The gym is immediately filled with murmurs and various gasp as the class - including myself - take in the scene unfolding before us with fearful eyes. This has never happened before. No one ever stood up against Meathead.

Until Trevor. The fucker.

Meatheads nostrils flare, his face turning a beet red color and then inhales deeply, blowing his whistle. The high pitched shriek bouncing off the walls.

None of us had the time to cover. His whistle could blow out your ear drums. I cover my ears the best I could. A couple kids groan, even Trevor, who is bent over trying to protect what's left of his ear drums.

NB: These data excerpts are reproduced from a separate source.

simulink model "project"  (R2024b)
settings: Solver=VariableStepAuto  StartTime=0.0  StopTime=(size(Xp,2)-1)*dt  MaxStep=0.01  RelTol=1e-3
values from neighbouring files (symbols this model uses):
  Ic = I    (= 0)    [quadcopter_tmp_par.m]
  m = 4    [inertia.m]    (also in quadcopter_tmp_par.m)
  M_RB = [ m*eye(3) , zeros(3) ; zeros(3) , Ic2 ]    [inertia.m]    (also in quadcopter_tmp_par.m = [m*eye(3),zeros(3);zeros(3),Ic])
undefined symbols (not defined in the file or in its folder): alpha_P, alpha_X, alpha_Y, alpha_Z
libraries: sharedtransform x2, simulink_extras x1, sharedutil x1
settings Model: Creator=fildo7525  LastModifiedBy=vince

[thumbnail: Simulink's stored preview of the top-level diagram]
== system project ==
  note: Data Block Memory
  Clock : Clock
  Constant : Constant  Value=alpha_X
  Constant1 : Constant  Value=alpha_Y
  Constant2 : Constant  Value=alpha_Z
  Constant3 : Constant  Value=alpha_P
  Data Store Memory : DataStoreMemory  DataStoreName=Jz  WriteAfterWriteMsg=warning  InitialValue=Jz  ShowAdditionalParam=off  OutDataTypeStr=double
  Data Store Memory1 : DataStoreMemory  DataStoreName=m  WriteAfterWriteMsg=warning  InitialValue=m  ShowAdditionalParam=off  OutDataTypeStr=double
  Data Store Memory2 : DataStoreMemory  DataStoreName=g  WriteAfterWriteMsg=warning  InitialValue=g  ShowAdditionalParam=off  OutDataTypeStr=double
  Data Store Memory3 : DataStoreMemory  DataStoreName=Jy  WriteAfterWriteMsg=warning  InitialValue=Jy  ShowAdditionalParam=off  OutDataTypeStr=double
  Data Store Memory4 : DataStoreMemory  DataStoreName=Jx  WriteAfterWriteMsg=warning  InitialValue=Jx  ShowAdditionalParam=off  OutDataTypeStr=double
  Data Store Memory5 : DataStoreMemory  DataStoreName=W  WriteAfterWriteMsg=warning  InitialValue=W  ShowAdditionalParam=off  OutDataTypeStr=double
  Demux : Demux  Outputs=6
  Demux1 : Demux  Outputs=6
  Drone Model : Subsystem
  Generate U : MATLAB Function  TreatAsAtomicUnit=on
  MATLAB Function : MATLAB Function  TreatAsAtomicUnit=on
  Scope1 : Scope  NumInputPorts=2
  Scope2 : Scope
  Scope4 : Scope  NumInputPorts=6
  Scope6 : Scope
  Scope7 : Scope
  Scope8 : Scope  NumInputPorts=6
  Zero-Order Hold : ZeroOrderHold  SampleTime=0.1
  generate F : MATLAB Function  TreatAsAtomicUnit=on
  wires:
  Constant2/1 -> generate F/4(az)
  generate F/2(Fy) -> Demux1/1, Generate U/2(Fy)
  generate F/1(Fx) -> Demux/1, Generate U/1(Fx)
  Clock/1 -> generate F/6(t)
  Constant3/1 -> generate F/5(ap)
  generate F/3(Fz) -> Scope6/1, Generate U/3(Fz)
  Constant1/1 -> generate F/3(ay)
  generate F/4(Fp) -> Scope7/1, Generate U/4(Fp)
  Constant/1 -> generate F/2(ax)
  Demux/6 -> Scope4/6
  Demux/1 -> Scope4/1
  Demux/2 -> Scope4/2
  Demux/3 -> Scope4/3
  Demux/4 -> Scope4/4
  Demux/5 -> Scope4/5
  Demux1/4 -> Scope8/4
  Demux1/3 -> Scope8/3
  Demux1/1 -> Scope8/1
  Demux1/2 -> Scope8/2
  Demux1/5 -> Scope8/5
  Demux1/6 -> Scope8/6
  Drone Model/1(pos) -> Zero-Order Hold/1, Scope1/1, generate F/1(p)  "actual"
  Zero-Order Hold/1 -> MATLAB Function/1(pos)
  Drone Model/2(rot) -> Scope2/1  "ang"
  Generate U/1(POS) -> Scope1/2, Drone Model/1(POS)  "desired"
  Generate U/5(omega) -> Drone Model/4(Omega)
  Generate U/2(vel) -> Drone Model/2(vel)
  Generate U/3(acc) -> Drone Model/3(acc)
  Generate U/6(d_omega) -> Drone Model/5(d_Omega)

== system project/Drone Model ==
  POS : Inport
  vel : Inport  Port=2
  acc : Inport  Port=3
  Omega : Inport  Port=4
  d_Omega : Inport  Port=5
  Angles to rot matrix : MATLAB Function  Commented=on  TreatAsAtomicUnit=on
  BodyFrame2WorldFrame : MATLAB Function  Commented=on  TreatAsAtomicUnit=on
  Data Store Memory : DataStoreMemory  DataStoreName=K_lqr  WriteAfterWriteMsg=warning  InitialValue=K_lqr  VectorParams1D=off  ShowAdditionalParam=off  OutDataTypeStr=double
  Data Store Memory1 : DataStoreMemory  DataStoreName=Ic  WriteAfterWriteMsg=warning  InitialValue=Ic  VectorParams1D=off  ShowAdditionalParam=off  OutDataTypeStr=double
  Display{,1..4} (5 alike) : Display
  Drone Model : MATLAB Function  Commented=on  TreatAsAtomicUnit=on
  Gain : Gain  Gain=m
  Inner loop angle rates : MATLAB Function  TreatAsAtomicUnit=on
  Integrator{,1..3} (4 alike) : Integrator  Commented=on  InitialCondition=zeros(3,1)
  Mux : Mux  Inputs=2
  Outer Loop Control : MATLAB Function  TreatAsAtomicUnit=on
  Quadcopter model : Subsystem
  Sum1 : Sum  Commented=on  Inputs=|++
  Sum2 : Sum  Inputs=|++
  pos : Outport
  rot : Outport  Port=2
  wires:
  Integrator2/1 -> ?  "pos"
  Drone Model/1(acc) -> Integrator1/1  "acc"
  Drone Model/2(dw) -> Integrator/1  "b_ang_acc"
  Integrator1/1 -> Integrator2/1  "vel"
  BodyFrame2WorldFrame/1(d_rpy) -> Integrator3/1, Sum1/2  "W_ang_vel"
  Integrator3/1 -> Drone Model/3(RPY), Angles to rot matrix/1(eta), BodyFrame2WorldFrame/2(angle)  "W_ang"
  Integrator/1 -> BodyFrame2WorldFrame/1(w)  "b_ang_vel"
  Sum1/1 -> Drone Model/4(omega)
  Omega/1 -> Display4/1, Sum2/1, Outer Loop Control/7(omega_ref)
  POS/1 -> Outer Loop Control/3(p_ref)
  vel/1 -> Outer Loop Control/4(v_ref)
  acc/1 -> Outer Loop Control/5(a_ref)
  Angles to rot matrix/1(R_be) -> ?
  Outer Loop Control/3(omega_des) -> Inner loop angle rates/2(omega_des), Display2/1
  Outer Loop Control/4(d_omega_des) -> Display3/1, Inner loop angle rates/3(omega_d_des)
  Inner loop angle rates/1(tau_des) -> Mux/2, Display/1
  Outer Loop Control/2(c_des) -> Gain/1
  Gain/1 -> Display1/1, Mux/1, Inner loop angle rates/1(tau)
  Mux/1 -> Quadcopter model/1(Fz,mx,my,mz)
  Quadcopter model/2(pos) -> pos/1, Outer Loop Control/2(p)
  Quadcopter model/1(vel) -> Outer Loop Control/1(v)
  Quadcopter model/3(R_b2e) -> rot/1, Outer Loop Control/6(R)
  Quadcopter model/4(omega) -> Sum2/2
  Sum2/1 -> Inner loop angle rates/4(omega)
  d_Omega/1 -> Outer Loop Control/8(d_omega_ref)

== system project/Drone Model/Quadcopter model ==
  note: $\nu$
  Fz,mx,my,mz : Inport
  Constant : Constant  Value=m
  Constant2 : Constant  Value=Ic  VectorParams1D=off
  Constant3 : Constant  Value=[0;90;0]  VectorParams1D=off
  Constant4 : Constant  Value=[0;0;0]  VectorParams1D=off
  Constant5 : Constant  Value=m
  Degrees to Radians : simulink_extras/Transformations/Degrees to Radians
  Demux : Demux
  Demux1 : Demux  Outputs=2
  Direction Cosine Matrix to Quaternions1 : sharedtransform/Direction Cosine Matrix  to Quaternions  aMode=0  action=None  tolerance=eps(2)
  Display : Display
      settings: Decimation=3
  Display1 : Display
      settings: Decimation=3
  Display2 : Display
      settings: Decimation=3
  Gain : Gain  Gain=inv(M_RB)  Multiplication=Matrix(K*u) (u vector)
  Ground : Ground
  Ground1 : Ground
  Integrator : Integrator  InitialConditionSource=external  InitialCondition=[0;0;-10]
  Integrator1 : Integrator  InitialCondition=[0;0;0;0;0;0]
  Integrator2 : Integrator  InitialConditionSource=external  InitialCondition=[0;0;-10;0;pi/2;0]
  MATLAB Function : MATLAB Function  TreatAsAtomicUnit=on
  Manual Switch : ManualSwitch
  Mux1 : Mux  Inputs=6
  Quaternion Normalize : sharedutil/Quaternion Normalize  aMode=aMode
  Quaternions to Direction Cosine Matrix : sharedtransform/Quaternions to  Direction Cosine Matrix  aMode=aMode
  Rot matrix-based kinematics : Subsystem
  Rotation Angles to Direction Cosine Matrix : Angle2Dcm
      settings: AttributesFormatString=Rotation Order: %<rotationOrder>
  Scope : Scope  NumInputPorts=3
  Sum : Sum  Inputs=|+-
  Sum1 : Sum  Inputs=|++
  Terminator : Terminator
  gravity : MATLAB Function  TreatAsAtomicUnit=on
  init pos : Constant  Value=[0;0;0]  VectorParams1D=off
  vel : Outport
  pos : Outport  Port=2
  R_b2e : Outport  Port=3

"Everyone Outside! NOW!" Meathead's voice booms. We all scramble out the gym, heading for the tracks.

Trevor thankfully followed, not saying anything and stands next to me. I don't comment because Meathead storms outside with a menacing look.

I heard that some nerd kid pissed his pants when Meathead gave him this very look last year. He was never seen again. Probably homeschooled.

He saunters over to where we huddled, "ten laps! Don't finish, ya don't leave! No breaks! You stop, you start over!"